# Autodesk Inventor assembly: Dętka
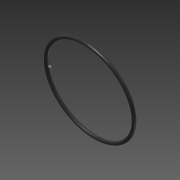
[picture p0: Inventor's stored thumbnail of the model, 180x180]
Saved by Autodesk Inventor 2015 (Build 190159000, 159)
## iProperties
Created: 2015-12-01
Part Number: Dętka
Document SubType Name: Assembly
Designer: graaapsik
Author: graaapsik
## Documents named in this file (3)
- C:\Users\EriveltonDell\Documents\Centro Universitário da FEI\Wheelchair\CADEIRA DE RODAS - DESENHO\Model\Dętka.iam
- C:\Users\EriveltonDell\Documents\Centro Universitário da FEI\Wheelchair\CADEIRA DE RODAS - DESENHO\Model\Dętka_koła_tylnego.ipt
- C:\Users\EriveltonDell\Documents\Centro Universitário da FEI\Wheelchair\CADEIRA DE RODAS - DESENHO\Model\Wentyl.iam
## Components (2 placed, 2 different names)
1. Dętka_koła_tylnego:1 — Walcowe:1, Sztywne:1
2. Wentyl:1 [sub-assembly] — Walcowe:1, Sztywne:1
## Relationships (2: CylindricalJoint 1, WeldJoint 1)
- Walcowe:1 [CylindricalJoint]: Dętka_koła_tylnego:1 ↔ Wentyl:1
- Sztywne:1 [WeldJoint]: Dętka_koła_tylnego:1 ↔ Wentyl:1
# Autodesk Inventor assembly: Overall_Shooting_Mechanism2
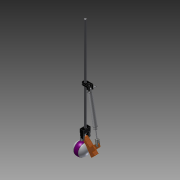
[picture p0: Inventor's stored thumbnail of the model, 180x180]
Saved by Autodesk Inventor 2015 (Build 190159000, 159)
## iProperties
Created: 2017-02-21
Part Number: Overall_Shooting_Mechanism2
Document SubType Name: Assembly
Designer: Guy
Author: Guy
## Documents named in this file (11)
- C:\Users\Guy\Documents\Fourth Year\Capstone\git\Capstone-Project\doc\CAD\SM2\Overall_Shooting_Mechanism2.iam
- C:\Users\Guy\Documents\Fourth Year\Capstone\git\Capstone-Project\doc\CAD\SM2\Swinging_connection.ipt
- C:\Users\Guy\Documents\Fourth Year\Capstone\git\Capstone-Project\doc\CAD\SM2\hinge_for_swing.ipt
- C:\Users\Guy\Documents\Fourth Year\Capstone\git\Capstone-Project\doc\CAD\SM2\Piston_Holder.ipt
- C:\Users\Guy\Documents\Fourth Year\Capstone\git\Capstone-Project\doc\CAD\SM2\Small_piston.ipt
- C:\Users\Guy\Documents\Fourth Year\Capstone\git\Capstone-Project\doc\CAD\SM2\piston_rod_connector.ipt
- C:\Users\Guy\Documents\Fourth Year\Capstone\git\Capstone-Project\doc\CAD\SM2\piston_internal_rod.ipt
- C:\Users\Guy\Documents\Fourth Year\Capstone\git\Capstone-Project\doc\CAD\LowLevel_Rev2\Pool_Ball_Stripe.ipt
- C:\Users\Guy\Documents\Fourth Year\Capstone\git\Capstone-Project\doc\CAD\SM2\1-2in_eebase_connector.ipt
- C:\Users\Guy\Documents\Fourth Year\Capstone\git\Capstone-Project\doc\CAD\Nuts and Bolts\3-16in_1 1-4in_Bolt.ipt
- C:\Users\Guy\Documents\Fourth Year\Capstone\git\Capstone-Project\doc\CAD\Nuts and Bolts\3-16in_1-16in_nut(num2).ipt
## Components (12 placed, 10 different names)
1. 1-2in_eebase_connector:1 — Mate:35, Mate:36, Angle:1, Flush:6
2. hinge_for_swing:2 — Mate:29, Mate:32, Mate:34, Mate:36, Angle:1, Flush:6, Mate:37, Mate:38, Mate:39
3. Pool_Ball_Stripe:1
4. Piston_Holder:1 — Mate:26, Mate:29, Mate:30, Mate:35, Mate:41, Mate:42, Mate:43, Mate:44
5. piston_internal_rod:1 — Mate:21, Mate:22, Flush:5
6. piston_rod_connector:1 — Mate:21, Flush:5, Mate:31, Mate:33
7. Small_piston:1 — Mate:22, Mate:26, Mate:30, Mate:31
8. Swinging_connection:1 — Mate:32, Mate:33, Mate:34
9. 3-16in_1 1-4in_Bolt:1 — Mate:37, Mate:38, Mate:40
10. 3-16in_1-16in_nut(num2):1 — Mate:39, Mate:40
11. 3-16in_1 1-4in_Bolt:2 — Mate:43, Mate:44
12. 3-16in_1-16in_nut(num2):2 — Mate:41, Mate:42
## Relationships (22: Mate 19, Flush 2, Angle 1)
- Mate:21: piston_internal_rod:1 ↔ piston_rod_connector:1
- Mate:22: piston_internal_rod:1 ↔ Small_piston:1
- Flush:5: piston_internal_rod:1 ↔ piston_rod_connector:1
- Mate:26: Piston_Holder:1 ↔ Small_piston:1
- Mate:29 (170 mm): hinge_for_swing:2 ↔ Piston_Holder:1
- Mate:30 (1 mm): Piston_Holder:1 ↔ Small_piston:1
- Mate:31 (37.8 mm): piston_rod_connector:1 ↔ Small_piston:1
- Mate:32: hinge_for_swing:2 ↔ Swinging_connection:1
- Mate:33: piston_rod_connector:1 ↔ Swinging_connection:1
- Mate:34 (0.5 mm): hinge_for_swing:2 ↔ Swinging_connection:1
- Mate:35: 1-2in_eebase_connector:1 ↔ Piston_Holder:1
- Mate:36: 1-2in_eebase_connector:1 ↔ hinge_for_swing:2
- Angle:1 (0 deg): 1-2in_eebase_connector:1 ↔ hinge_for_swing:2
- Flush:6 (8 mm): 1-2in_eebase_connector:1 ↔ hinge_for_swing:2
- Mate:37: hinge_for_swing:2 ↔ 3-16in_1 1-4in_Bolt:1
- Mate:38: hinge_for_swing:2 ↔ 3-16in_1 1-4in_Bolt:1
- Mate:39: hinge_for_swing:2 ↔ 3-16in_1-16in_nut(num2):1
- Mate:40: 3-16in_1 1-4in_Bolt:1 ↔ 3-16in_1-16in_nut(num2):1
- Mate:41: Piston_Holder:1 ↔ 3-16in_1-16in_nut(num2):2
- Mate:42: Piston_Holder:1 ↔ 3-16in_1-16in_nut(num2):2
- Mate:43: Piston_Holder:1 ↔ 3-16in_1 1-4in_Bolt:2
- Mate:44: Piston_Holder:1 ↔ 3-16in_1 1-4in_Bolt:2

__________________________________________________

REQUIRED ACTION:
Once the pictures are set aside, copy the remaining text of every entry exactly.

SOLVED PROBLEM:
# Autodesk Inventor assembly: Dętka
[picture p0: Inventor's stored thumbnail of the model, 180x180]
Saved by Autodesk Inventor 2015 (Build 190159000, 159)
## iProperties
Created: 2015-12-01
Part Number: Dętka
Document SubType Name: Assembly
Designer: graaapsik
Author: graaapsik
## Documents named in this file (3)
- C:\Users\EriveltonDell\Documents\Centro Universitário da FEI\Wheelchair\CADEIRA DE RODAS - DESENHO\Model\Dętka.iam
- C:\Users\EriveltonDell\Documents\Centro Universitário da FEI\Wheelchair\CADEIRA DE RODAS - DESENHO\Model\Dętka_koła_tylnego.ipt
- C:\Users\EriveltonDell\Documents\Centro Universitário da FEI\Wheelchair\CADEIRA DE RODAS - DESENHO\Model\Wentyl.iam
## Components (2 placed, 2 different names)
1. Dętka_koła_tylnego:1 — Walcowe:1, Sztywne:1
2. Wentyl:1 [sub-assembly] — Walcowe:1, Sztywne:1
## Relationships (2: CylindricalJoint 1, WeldJoint 1)
- Walcowe:1 [CylindricalJoint]: Dętka_koła_tylnego:1 ↔ Wentyl:1
- Sztywne:1 [WeldJoint]: Dętka_koła_tylnego:1 ↔ Wentyl:1
# Autodesk Inventor assembly: Overall_Shooting_Mechanism2
[picture p0: Inventor's stored thumbnail of the model, 180x180]
Saved by Autodesk Inventor 2015 (Build 190159000, 159)
## iProperties
Created: 2017-02-21
Part Number: Overall_Shooting_Mechanism2
Document SubType Name: Assembly
Designer: Guy
Author: Guy
## Documents named in this file (11)
- C:\Users\Guy\Documents\Fourth Year\Capstone\git\Capstone-Project\doc\CAD\SM2\Overall_Shooting_Mechanism2.iam
- C:\Users\Guy\Documents\Fourth Year\Capstone\git\Capstone-Project\doc\CAD\SM2\Swinging_connection.ipt
- C:\Users\Guy\Documents\Fourth Year\Capstone\git\Capstone-Project\doc\CAD\SM2\hinge_for_swing.ipt
- C:\Users\Guy\Documents\Fourth Year\Capstone\git\Capstone-Project\doc\CAD\SM2\Piston_Holder.ipt
- C:\Users\Guy\Documents\Fourth Year\Capstone\git\Capstone-Project\doc\CAD\SM2\Small_piston.ipt
- C:\Users\Guy\Documents\Fourth Year\Capstone\git\Capstone-Project\doc\CAD\SM2\piston_rod_connector.ipt
- C:\Users\Guy\Documents\Fourth Year\Capstone\git\Capstone-Project\doc\CAD\SM2\piston_internal_rod.ipt
- C:\Users\Guy\Documents\Fourth Year\Capstone\git\Capstone-Project\doc\CAD\LowLevel_Rev2\Pool_Ball_Stripe.ipt
- C:\Users\Guy\Documents\Fourth Year\Capstone\git\Capstone-Project\doc\CAD\SM2\1-2in_eebase_connector.ipt
- C:\Users\Guy\Documents\Fourth Year\Capstone\git\Capstone-Project\doc\CAD\Nuts and Bolts\3-16in_1 1-4in_Bolt.ipt
- C:\Users\Guy\Documents\Fourth Year\Capstone\git\Capstone-Project\doc\CAD\Nuts and Bolts\3-16in_1-16in_nut(num2).ipt
## Components (12 placed, 10 different names)
1. 1-2in_eebase_connector:1 — Mate:35, Mate:36, Angle:1, Flush:6
2. hinge_for_swing:2 — Mate:29, Mate:32, Mate:34, Mate:36, Angle:1, Flush:6, Mate:37, Mate:38, Mate:39
3. Pool_Ball_Stripe:1
4. Piston_Holder:1 — Mate:26, Mate:29, Mate:30, Mate:35, Mate:41, Mate:42, Mate:43, Mate:44
5. piston_internal_rod:1 — Mate:21, Mate:22, Flush:5
6. piston_rod_connector:1 — Mate:21, Flush:5, Mate:31, Mate:33
7. Small_piston:1 — Mate:22, Mate:26, Mate:30, Mate:31
8. Swinging_connection:1 — Mate:32, Mate:33, Mate:34
9. 3-16in_1 1-4in_Bolt:1 — Mate:37, Mate:38, Mate:40
10. 3-16in_1-16in_nut(num2):1 — Mate:39, Mate:40
11. 3-16in_1 1-4in_Bolt:2 — Mate:43, Mate:44
12. 3-16in_1-16in_nut(num2):2 — Mate:41, Mate:42
## Relationships (22: Mate 19, Flush 2, Angle 1)
- Mate:21: piston_internal_rod:1 ↔ piston_rod_connector:1
- Mate:22: piston_internal_rod:1 ↔ Small_piston:1
- Flush:5: piston_internal_rod:1 ↔ piston_rod_connector:1
- Mate:26: Piston_Holder:1 ↔ Small_piston:1
- Mate:29 (170 mm): hinge_for_swing:2 ↔ Piston_Holder:1
- Mate:30 (1 mm): Piston_Holder:1 ↔ Small_piston:1
- Mate:31 (37.8 mm): piston_rod_connector:1 ↔ Small_piston:1
- Mate:32: hinge_for_swing:2 ↔ Swinging_connection:1
- Mate:33: piston_rod_connector:1 ↔ Swinging_connection:1
- Mate:34 (0.5 mm): hinge_for_swing:2 ↔ Swinging_connection:1
- Mate:35: 1-2in_eebase_connector:1 ↔ Piston_Holder:1
- Mate:36: 1-2in_eebase_connector:1 ↔ hinge_for_swing:2
- Angle:1 (0 deg): 1-2in_eebase_connector:1 ↔ hinge_for_swing:2
- Flush:6 (8 mm): 1-2in_eebase_connector:1 ↔ hinge_for_swing:2
- Mate:37: hinge_for_swing:2 ↔ 3-16in_1 1-4in_Bolt:1
- Mate:38: hinge_for_swing:2 ↔ 3-16in_1 1-4in_Bolt:1
- Mate:39: hinge_for_swing:2 ↔ 3-16in_1-16in_nut(num2):1
- Mate:40: 3-16in_1 1-4in_Bolt:1 ↔ 3-16in_1-16in_nut(num2):1
- Mate:41: Piston_Holder:1 ↔ 3-16in_1-16in_nut(num2):2
- Mate:42: Piston_Holder:1 ↔ 3-16in_1-16in_nut(num2):2
- Mate:43: Piston_Holder:1 ↔ 3-16in_1 1-4in_Bolt:2
- Mate:44: Piston_Holder:1 ↔ 3-16in_1 1-4in_Bolt:2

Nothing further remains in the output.